Migrant children in northern France are forced into crime and prostitution on a daily basis to secure a place to stay in migrant camps or the promise of passage to Britain, the U.N. children's agency said on Thursday.
Migrant children forced into crime, prostitution every day - UNICEF
Of the roughly 206,200 people who arrived in Europe by sea this year to June 4, one in three was a child, UNICEF said on Tuesday, citing figures from the UN refugee agency.
UNICEF said sexual exploitation, violence and forced labour were a constant threat for children travelling alone and urged the authorities to do more to protect them.
"We know this has been a long-running problem for over a decade but it's got much more extreme and severe in the last year with the increase in the global refugee crisis," said Melanie Teff, senior humanitarian advocacy and policy adviser at UNICEF UK.

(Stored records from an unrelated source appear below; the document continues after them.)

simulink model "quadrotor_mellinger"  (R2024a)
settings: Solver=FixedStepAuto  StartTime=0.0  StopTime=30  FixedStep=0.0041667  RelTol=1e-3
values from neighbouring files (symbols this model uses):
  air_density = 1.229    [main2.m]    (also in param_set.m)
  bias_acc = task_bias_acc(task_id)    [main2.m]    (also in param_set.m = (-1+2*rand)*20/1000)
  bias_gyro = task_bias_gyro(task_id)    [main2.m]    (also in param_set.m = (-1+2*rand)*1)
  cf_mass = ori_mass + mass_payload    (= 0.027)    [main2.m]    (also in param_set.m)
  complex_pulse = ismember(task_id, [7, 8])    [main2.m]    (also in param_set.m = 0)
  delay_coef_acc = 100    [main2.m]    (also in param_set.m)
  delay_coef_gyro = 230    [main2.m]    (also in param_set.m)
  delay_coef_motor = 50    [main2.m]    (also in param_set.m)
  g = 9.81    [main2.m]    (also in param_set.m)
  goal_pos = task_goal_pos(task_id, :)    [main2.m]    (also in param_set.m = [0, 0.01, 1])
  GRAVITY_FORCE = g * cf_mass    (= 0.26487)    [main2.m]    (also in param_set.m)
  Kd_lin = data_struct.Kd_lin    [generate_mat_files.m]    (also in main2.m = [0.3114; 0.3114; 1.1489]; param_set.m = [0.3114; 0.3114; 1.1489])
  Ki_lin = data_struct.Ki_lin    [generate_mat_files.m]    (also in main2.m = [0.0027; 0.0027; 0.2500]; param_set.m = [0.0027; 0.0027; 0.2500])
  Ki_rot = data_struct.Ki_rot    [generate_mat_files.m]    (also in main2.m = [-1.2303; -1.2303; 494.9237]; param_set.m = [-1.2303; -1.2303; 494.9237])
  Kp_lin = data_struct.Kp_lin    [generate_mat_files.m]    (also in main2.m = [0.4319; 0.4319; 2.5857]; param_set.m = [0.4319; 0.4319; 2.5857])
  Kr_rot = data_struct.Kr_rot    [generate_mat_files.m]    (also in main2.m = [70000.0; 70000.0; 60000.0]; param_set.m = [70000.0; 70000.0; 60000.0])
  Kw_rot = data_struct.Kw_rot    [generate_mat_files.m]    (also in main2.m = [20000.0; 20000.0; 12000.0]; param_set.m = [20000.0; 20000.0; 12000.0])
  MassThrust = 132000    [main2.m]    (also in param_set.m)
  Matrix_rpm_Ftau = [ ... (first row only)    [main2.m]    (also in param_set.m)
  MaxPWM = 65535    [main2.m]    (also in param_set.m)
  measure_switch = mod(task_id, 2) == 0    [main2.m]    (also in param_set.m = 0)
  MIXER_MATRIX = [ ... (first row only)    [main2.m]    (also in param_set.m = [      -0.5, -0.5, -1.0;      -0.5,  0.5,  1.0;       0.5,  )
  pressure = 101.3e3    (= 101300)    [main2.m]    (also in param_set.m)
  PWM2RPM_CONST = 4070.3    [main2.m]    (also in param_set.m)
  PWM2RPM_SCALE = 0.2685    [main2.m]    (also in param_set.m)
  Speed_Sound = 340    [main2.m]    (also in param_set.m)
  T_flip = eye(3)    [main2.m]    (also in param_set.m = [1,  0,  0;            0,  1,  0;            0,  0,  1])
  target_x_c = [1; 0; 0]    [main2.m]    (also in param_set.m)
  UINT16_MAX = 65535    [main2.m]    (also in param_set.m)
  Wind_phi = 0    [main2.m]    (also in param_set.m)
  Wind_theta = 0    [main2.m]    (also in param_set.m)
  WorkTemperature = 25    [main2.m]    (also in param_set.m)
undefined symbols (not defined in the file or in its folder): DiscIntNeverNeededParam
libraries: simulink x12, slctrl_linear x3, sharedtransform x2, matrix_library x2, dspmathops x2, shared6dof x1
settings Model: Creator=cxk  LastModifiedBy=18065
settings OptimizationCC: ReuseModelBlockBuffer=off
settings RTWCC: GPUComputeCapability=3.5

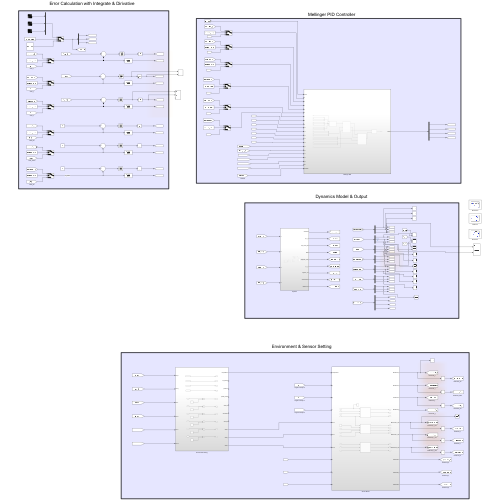
[thumbnail: Simulink's stored preview of the top-level diagram]
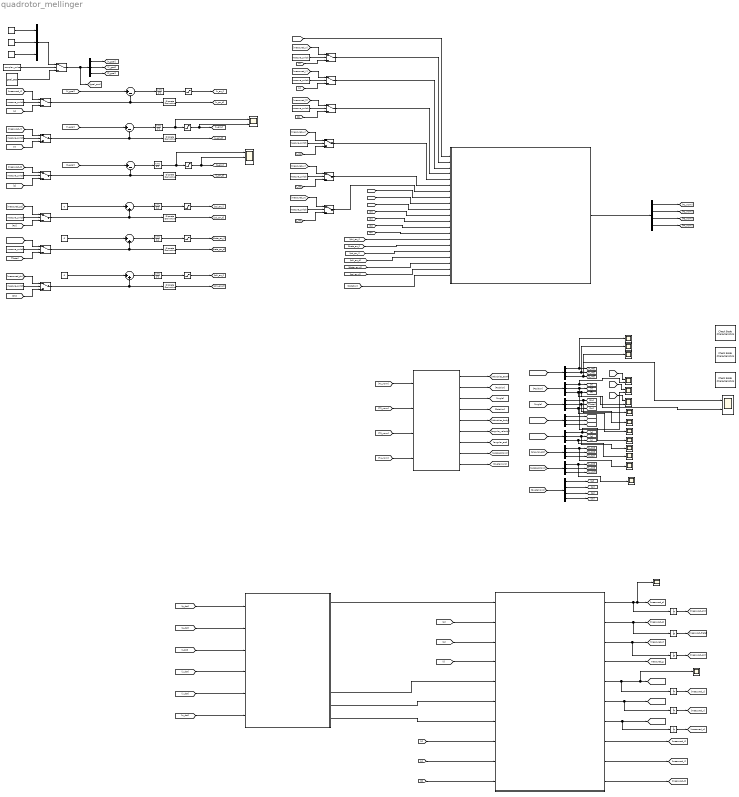
== system quadrotor_mellinger ==
  note: Mellinger PID Controller
  note: T1_norm
  note: Dynamics Model & Output
  note: Environment & Sensor Setting
  note: Error Calculation with Integrate & Dirivative
  Bode Plot : slctrl_linear/Check Bode  Characteristics  InstantiateOnLoad=on  SaveOperatingPoints=off  LinearizationIOs={'/Dynamic/From6', 1, 'outin', 'on', ''}  LinearizeAt=SnapshotTimes  SnapshotTimes=[0]  TriggerType=rising  SampleTime=auto  RateConversionMethod=zoh  PreWarpFreq=10  UseExactDelayModel=off  UseFullBlockNameLabels=off  UseBusSignalLabels=off  enabled=on  stopWhenAssertionFail=off  export=off  ViewDlgPos=[631 545 942 590]  OpenViewOnLoad=on  LaunchViewOnOpen=off  FrequencyUnits=rad/s  MagnitudeUnits=dB  PhaseUnits=deg  TimeUnits=seconds  EnableUpperBound=off  UpperBoundFrequencies=[]  UpperBoundMagnitudes=[]  EnableLowerBound=off  LowerBoundFrequencies=[]  LowerBoundMagnitudes=[]
      settings: LibrarySourceBlock=slctrlblks/Linear Analysis Plots/Bode Plot  SaveToWorkspace=off  SaveName=sys
  Bode Plot1 : slctrl_linear/Check Bode  Characteristics  InstantiateOnLoad=on  SaveOperatingPoints=off  LinearizationIOs={'/Dynamic/From6', 1, 'outin', 'on', ''}  LinearizeAt=SnapshotTimes  SnapshotTimes=[0]  TriggerType=rising  SampleTime=auto  RateConversionMethod=zoh  PreWarpFreq=10  UseExactDelayModel=off  UseFullBlockNameLabels=off  UseBusSignalLabels=off  enabled=on  stopWhenAssertionFail=off  export=off  ViewDlgPos=[1581 545.666666666667 957 589.333333333333]  OpenViewOnLoad=on  LaunchViewOnOpen=off  FrequencyUnits=rad/s  MagnitudeUnits=dB  PhaseUnits=deg  TimeUnits=seconds  EnableUpperBound=off  UpperBoundFrequencies=[]  UpperBoundMagnitudes=[]  EnableLowerBound=off  LowerBoundFrequencies=[]  LowerBoundMagnitudes=[]
      settings: LibrarySourceBlock=slctrlblks/Linear Analysis Plots/Bode Plot  SaveToWorkspace=off  SaveName=sys
  Bode Plot3 : slctrl_linear/Check Bode  Characteristics  InstantiateOnLoad=on  SaveOperatingPoints=off  LinearizationIOs={'/Dynamic/Sum', 1, 'outin', 'on', ''}  LinearizeAt=SnapshotTimes  SnapshotTimes=[0]  TriggerType=rising  SampleTime=auto  RateConversionMethod=zoh  PreWarpFreq=10  UseExactDelayModel=off  UseFullBlockNameLabels=off  UseBusSignalLabels=off  enabled=on  stopWhenAssertionFail=off  export=off  ViewDlgPos=[687.666666666667 401 778.666666666667 390]  OpenViewOnLoad=on  LaunchViewOnOpen=off  FrequencyUnits=rad/s  MagnitudeUnits=dB  PhaseUnits=deg  TimeUnits=seconds  EnableUpperBound=off  UpperBoundFrequencies=[]  UpperBoundMagnitudes=[]  EnableLowerBound=off  LowerBoundFrequencies=[]  LowerBoundMagnitudes=[]
      settings: LibrarySourceBlock=slctrlblks/Linear Analysis Plots/Bode Plot  SaveToWorkspace=off  SaveName=sys
  Constant : Constant  Value=goal_pos
  Constant1 : Constant  Value=0
  Constant{4..15} (12 alike) : Constant  Value=measure_switch
  Constant16 : Constant  Value=complex_pulse
  Constant2 : Constant  Value=0
  Constant3 : Constant  Value=0
  Demux{,1..4,6..7,9} (8 alike) : Demux  Outputs=3
  Demux10 : Demux
  Demux8 : Demux
  Discrete Derivative{,1..5} (6 alike) : simulink/Discrete/Discrete Derivative  gainval=1.0  ICPrevScaledInput=0.0  OutMin=[]  OutMax=[]  OutDataType=fixdt(1, 16)  OutScaling=2^-10  DoSatur=off
  Discrete-Time Integrator{,1..5} (6 alike) : DiscreteIntegrator  SampleTime=-1  ICPrevOutput=DiscIntNeverNeededParam  ICPrevScaledInput=DiscIntNeverNeededParam
  Dynamic : Subsystem
  Environment Setting : Subsystem
  Integrator{,1..5} (6 alike) : Integrator
  Mellinger PID : Subsystem
  Mux9 : Mux  Inputs=3
  Repeating Sequence1 : simulink/Sources/Repeating Sequence  rep_seq_t="[0 5 10  15 20 25 29]"  rep_seq_y=[0.05 0.05 2 2 -2 -2 0.05 ]
  Repeating Sequence2 : simulink/Sources/Repeating Sequence  rep_seq_t="[0 5 7  13 16 20 25 29]"  rep_seq_y=[0.05 0.05 1.68 1.68 -0.68 -0.68 0.05 0.05 ]
  Repeating Sequence3 : simulink/Sources/Repeating Sequence  rep_seq_t="[0 5 10  15 20 25 29]"  rep_seq_y=[0.05 0.05 2 2 -2 -2 0.05 ]
  Saturation : Saturate  UpperLimit=2  LowerLimit=-2
  Saturation1 : Saturate  UpperLimit=2  LowerLimit=-2
  Saturation2 : Saturate  UpperLimit=0.15  LowerLimit=-0.15
  Saturation3 : Saturate  UpperLimit=1  LowerLimit=-1
  Saturation4 : Saturate  UpperLimit=1  LowerLimit=-1
  Saturation5 : Saturate  UpperLimit=1  LowerLimit=-1
  Scope{,1..2,18,20} (5 alike) : Scope  NumInputPorts=2
  Scope{4..12,14,16..17,19} (13 alike) : Scope
  Scope15 : Scope  NumInputPorts=3
  Sensor Model : Subsystem
  Sum : Sum  Inputs=|+-
  Sum1 : Sum  Inputs=|+-
  Sum2 : Sum  Inputs=|+-
  Sum3 : Sum  Inputs=|++
  Sum4 : Sum  Inputs=|++
  Sum5 : Sum  Inputs=|++
  Switch{,1..11} (12 alike) : Switch  Criteria=u2 ~= 0  SaturateOnIntegerOverflow=off  InputSameDT=off
  Switch12 : Switch  Criteria=u2 > Threshold  SaturateOnIntegerOverflow=off  InputSameDT=off
  tag scope: measured_g=global
  wires:
  [T1_norm] -> Dynamic/1(In1)
  [T2_norm] -> Dynamic/2(In2)
  [T3_norm] -> Dynamic/3(In3)
  [T4_norm] -> Dynamic/4(In4)
  Dynamic/1(Velocities) -> [Velocities_earth]
  Dynamic/2(X_Y_Z) -> [Position]
  Dynamic/3(Phi_Theta_Psi) -> [Angle]
  Dynamic/4(DCM) -> [Rotation]
  Dynamic/5(Velocities_body) -> [Velocities_body]
  Dynamic/6(p_q_r) -> [angular_velocity]
  Dynamic/7(angular_acc) -> [angular_acc]
  Dynamic/8(Accelerations) -> [Accelerations]
  [Velocities_earth] -> Demux/1
  [Position] -> Demux1/1
  [Angle] -> Demux2/1
  [Accelerations] -> Demux7/1
  [angular_acc] -> Demux6/1
  [angular_velocity] -> Demux4/1
  [Velocities_body] -> Demux3/1
  Demux1/1 -> Scope/2, [X]
  Demux3/1 -> [Vx_Body]
  Demux3/2 -> [Vy_Body]
  Demux3/3 -> [Vz_Body]
  Demux6/1 -> Scope16/1, [p_dot]
  Demux6/2 -> [q_dot]
  Demux6/3 -> [r_dot]
  Demux7/1 -> Scope19/1, [u_dot]
  Demux7/2 -> [v_dot]
  Demux7/3 -> [w_dot]
  Dynamic/9(Quatenions) -> [Quatenions]
  [Quatenions] -> Demux8/1
  Demux8/1 -> [qr]
  Demux8/2 -> [qi]
  Demux9/1 -> [X_goal]
  Demux9/2 -> [Y_goal]
  Demux9/3 -> [Z_goal]
  [X_goal] -> Sum/1
  Switch1/1 -> Sum/2, Discrete Derivative2/1
  Saturation/1 -> [x_err_i]
  Discrete Derivative2/1 -> [x_err_d]
  [Y_goal] -> Sum1/1
  Switch/1 -> Sum1/2, Discrete Derivative1/1
  Discrete Derivative1/1 -> [y_err_d]
  Saturation1/1 -> Scope18/2, [y_err_i]
  [Z_goal] -> Sum2/1
  Switch2/1 -> Sum2/2, Discrete Derivative/1
  Sum2/1 -> Discrete-Time Integrator/1
  Saturation2/1 -> Scope15/2, [z_err_i]
  Saturation4/1 -> [theta_err_i]
  Constant3/1 -> Sum3/1
  Discrete Derivative4/1 -> [phi_err_d]
  Switch5/1 -> Sum3/2, Discrete Derivative4/1
  Constant2/1 -> Sum4/1
  Switch4/1 -> Sum4/2, Discrete Derivative5/1
  Discrete Derivative3/1 -> [psi_err_d]
  Saturation5/1 -> [psi_err_i]
  Switch3/1 -> Sum5/2, Discrete Derivative3/1
  Constant1/1 -> Sum5/1
  Saturation3/1 -> [phi_err_i]
  Demux10/2 -> [T2_norm]
  Demux10/4 -> [T4_norm]
  Demux10/3 -> [T3_norm]
  Switch9/1 -> Mellinger PID/2(In1)
  Switch10/1 -> Mellinger PID/3(In2)
  Switch11/1 -> Mellinger PID/4(In3)
  Switch6/1 -> Mellinger PID/5(In4)
  Switch8/1 -> Mellinger PID/6(In5)
  Switch7/1 -> Mellinger PID/7(In6)
  [x_err_i] -> Mellinger PID/8(In7)
  [y_err_i] -> Mellinger PID/9(In8)
  [z_err_i] -> Mellinger PID/10(In9)
  [qr] -> Mellinger PID/11(In10)
  [qi] -> Mellinger PID/12(In11)
  [qj] -> Mellinger PID/13(In12)
  [qk] -> Mellinger PID/14(In13)
  [phi_err_i] -> Mellinger PID/15(In14)
  [theta_err_i] -> Mellinger PID/16(In15)
  [psi_err_i] -> Mellinger PID/17(In16)
  [phi_err_d] -> Mellinger PID/18(In17)
  [theta_err_d] -> Mellinger PID/19(In18)
  [psi_err_d] -> Mellinger PID/20(In19)
  Mellinger PID/1(PWM) -> Demux10/1
  Demux10/1 -> [T1_norm]
  Demux8/3 -> [qj]
  Demux1/2 -> Scope1/2, [Y]
  Demux1/3 -> Scope2/2, Scope20/2, [Z]
  Demux2/2 -> Scope8/1, [Theta]
  Demux2/3 -> Scope9/1, [Psi]
  Demux4/3 -> Scope12/1, [r]
  Demux8/4 -> [qk]
  Demux2/1 -> [Phi], Scope4/1
  Demux4/1 -> Scope10/1, [p]
  Discrete Derivative/1 -> [z_err_d]
  Discrete-Time Integrator/1 -> Scope15/1, Saturation2/1
  Sum1/1 -> Discrete-Time Integrator1/1
  Discrete-Time Integrator1/1 -> Scope18/1, Saturation1/1
  Sum/1 -> Discrete-Time Integrator2/1
  Discrete-Time Integrator2/1 -> Saturation/1
  Sum5/1 -> Discrete-Time Integrator3/1
  Discrete-Time Integrator3/1 -> Saturation5/1
  Sum4/1 -> Discrete-Time Integrator4/1
  Discrete-Time Integrator4/1 -> Saturation4/1
  Sum3/1 -> Discrete-Time Integrator5/1
  Discrete-Time Integrator5/1 -> Saturation3/1
  Discrete Derivative5/1 -> [theta_err_d]
  Demux4/2 -> Scope11/1, [q]
  [Rotation] -> Mellinger PID/21(Rotation)
  Environment Setting/1(temperature) -> Sensor Model/1(Temperature)
  Environment Setting/8(wind x) -> Sensor Model/5(dot u)
  Environment Setting/9(wind y) -> Sensor Model/6(dot v)
  Environment Setting/10(wind z) -> Sensor Model/7(dot w)
  [p_dot] -> Environment Setting/1(dot p)
  [q_dot] -> Environment Setting/2("dot q ")
  [r_dot] -> Environment Setting/3(dot r)
  [u_dot] -> Environment Setting/4(dot u)
  [v_dot] -> Environment Setting/5(dot v)
  [w_dot] -> Environment Setting/6(dot w)
  Sensor Model/4(Measured g) -> [measured_g]
  Sensor Model/5(Measured u_dot) -> Scope17/1, [measured_u_dot], Integrator/1
  Sensor Model/6(Measured v_dot) -> Integrator1/1, [measured_v_dot]
  Sensor Model/7(Measured w_dot) -> Integrator2/1, [measured_w_dot]
  Constant4/1 -> Switch/2
  Constant5/1 -> Switch1/2
  Constant6/1 -> Switch2/2
  Constant7/1 -> Switch3/2
  Constant8/1 -> Switch4/2
  Constant9/1 -> Switch5/2
  [X] -> Switch1/3
  [Y] -> Switch/3
  [Z] -> Switch2/3
  [Psi] -> Switch3/3
  [Theta] -> Switch4/3
  [Phi] -> Switch5/3
  Constant10/1 -> Switch6/2
  [X_Vel] -> Switch6/3
  Constant11/1 -> Switch7/2
  Constant12/1 -> Switch8/2
  [Y_Vel] -> Switch8/3
  [Z_Vel] -> Switch7/3
  [measured_u] -> Switch6/1
  [measured_v] -> Switch8/1
  [measured_w] -> Switch7/1
  Sensor Model/1(Measured p) -> Integrator3/1, Scope14/1, [measured_p]
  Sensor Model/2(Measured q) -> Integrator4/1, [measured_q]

"We heard sad stories of girls charging 5 euros ($5.60) to be sexually exploited in order to get into the camp, or to start paying towards their passage to the UK," she told the Thomson Reuters Foundation.
Of the roughly 206,200 people who arrived in Europe by sea this year to June 4, one in three was a child, UNICEF said on Tuesday, citing figures from the U.N. refugee agency.
Many eventually end up in camps such as the shanty town nicknamed the "Jungle" outside France's northern port of Calais.
UNICEF said there were an estimated 500 unaccompanied children living in seven camps on the northern coast of France, including Calais and Dunkirk.
Some 2,000 children have passed through the camps since June 2015, it said.
Several children told the aid agency that they were held by different criminal groups who demanded ransom from their families, while others were forced to work under almost slave-like conditions to pay for their journey.
Children from Afghanistan told UNICEF that being raped was their biggest fear.
Faced with demands from traffickers to pay between 4,000 pounds ($5,660) and 5,500 pounds ($7,790) each to cross to Britain, children were looking for alternative ways to make the journey - with some hiding in refrigerated lorries, UNICEF said.
"There isn't schooling being provided, and most nights the children are walking for hours and trying to jump into lorries," Teff said.
"They're living in a very, very tense situation and a lot of them talk about how they're going crazy from the boredom."
Teff said children living in migrant camps often had to pay to access showers or were forced to open lorries so others could jump in.
On average children stayed in the camps for five months before moving on, although some remained there for nine months and one child was stuck there for more than a year, UNICEF said.
The agency interviewed 60 children between 11 and 17 from Afghanistan, Egypt, Eritrea, Ethiopia, Iran, Iraq, Kuwait, Syria and Vietnam living in camps along the English Channel, between January and April 2016.